As a pensions actuary, I have had my own, rather different, problems with the interaction of mathematics and law. Defined benefit pension schemes are mathematical constructs as well as legal constructs. If you do A and B and earn C, then the pension scheme to which you belong should deliver benefits to you of D. However a pensions lawyer would see it rather differently, in terms of obligations of certain parties towards other parties under the legal construct of a trust.

When drafting pension scheme rules, lawyers often have to set up quite complex conditional relationships between possible events and outcomes. It is quite possible for some of these to be left out (in which case we hear that “the trust deed and rules are silent”), and also for them to be included but in a way which displays a certain amount of ignorance of mathematical logic, meaning either that the rules are very difficult to implement or have unintended consequences. This generally then creates work for a different set of lawyers down the track.

As a result, actuaries have long accepted that trying to interpret the rules of any pension scheme without legal advice is just asking for trouble.
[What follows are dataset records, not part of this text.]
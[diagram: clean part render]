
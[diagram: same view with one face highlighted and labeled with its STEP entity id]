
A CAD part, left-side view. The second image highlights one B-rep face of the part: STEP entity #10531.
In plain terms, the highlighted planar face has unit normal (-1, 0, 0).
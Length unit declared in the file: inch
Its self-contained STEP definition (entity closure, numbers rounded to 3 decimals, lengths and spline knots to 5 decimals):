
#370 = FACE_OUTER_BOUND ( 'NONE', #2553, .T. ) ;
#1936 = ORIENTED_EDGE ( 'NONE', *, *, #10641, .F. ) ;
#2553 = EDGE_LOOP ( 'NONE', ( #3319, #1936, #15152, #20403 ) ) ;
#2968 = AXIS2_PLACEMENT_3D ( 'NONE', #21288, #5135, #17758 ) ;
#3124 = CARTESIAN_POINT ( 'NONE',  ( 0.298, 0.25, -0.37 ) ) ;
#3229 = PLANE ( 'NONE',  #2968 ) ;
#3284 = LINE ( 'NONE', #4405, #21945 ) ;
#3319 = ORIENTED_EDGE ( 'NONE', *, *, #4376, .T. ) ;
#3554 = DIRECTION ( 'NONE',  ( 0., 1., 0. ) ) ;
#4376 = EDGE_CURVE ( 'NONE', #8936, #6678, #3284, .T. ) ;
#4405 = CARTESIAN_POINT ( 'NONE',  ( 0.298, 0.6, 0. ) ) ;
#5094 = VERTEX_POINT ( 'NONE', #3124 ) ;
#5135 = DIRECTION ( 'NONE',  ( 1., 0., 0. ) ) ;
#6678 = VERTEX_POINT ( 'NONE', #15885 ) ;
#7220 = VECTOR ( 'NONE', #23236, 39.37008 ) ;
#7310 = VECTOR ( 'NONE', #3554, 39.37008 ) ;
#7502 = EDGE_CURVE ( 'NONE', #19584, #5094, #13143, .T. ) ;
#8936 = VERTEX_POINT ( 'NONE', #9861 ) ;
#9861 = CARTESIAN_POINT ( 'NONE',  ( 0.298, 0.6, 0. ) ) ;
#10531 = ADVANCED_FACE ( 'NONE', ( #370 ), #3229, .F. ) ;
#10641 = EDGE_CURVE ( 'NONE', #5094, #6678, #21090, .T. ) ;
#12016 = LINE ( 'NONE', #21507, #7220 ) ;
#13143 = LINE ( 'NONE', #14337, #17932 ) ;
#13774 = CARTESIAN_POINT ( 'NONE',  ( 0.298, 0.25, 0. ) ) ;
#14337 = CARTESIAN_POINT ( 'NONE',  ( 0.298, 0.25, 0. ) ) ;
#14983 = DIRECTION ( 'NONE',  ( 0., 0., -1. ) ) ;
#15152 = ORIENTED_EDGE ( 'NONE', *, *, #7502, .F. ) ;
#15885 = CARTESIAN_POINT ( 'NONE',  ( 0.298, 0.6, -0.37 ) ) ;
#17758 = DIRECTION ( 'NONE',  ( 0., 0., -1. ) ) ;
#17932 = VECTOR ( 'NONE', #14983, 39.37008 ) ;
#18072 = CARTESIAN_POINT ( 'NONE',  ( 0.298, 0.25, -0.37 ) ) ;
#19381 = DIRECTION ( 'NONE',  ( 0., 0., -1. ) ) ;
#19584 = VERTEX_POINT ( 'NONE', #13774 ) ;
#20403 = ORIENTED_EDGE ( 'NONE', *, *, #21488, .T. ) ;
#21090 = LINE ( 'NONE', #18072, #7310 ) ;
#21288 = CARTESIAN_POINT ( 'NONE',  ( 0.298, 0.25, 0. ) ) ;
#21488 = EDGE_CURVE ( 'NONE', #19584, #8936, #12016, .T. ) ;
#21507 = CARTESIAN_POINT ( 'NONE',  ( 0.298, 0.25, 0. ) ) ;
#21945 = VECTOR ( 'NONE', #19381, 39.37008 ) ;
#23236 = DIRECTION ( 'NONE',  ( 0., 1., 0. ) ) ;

And the list of legal disclaimers actuaries populate their reports with grows year on year as a new threat of future second guessing emerges. There is therefore certainly considerable respect for the importance of the legal elements of the construct of a pension scheme by actuaries, if not always full understanding. Unfortunately, the same does not always hold in reverse. I have seen numerous examples of rules drafted without the mathematical elements of the construct fully taken into account by the drafters:

• benefits either too ambiguous to value or in contradiction with each other;
• double revaluation of benefits built into the rules in one instance;
• elements of scheme design which would obviously need to be reviewed in the future, like commutation factors of 9 to 1 for instance, hard coded into rules so that they can only be changed by a deed of amendment.

Actuarial input into any issue around a pension scheme is frequently dismissed by lawyers as “crunching the numbers”. I think most of them would be mortally offended if an actuary turned to them and asked them to crunch the words.

Pensions lawyers and actuaries need each other if pension schemes are going to work properly. And they need to understand each other rather better too.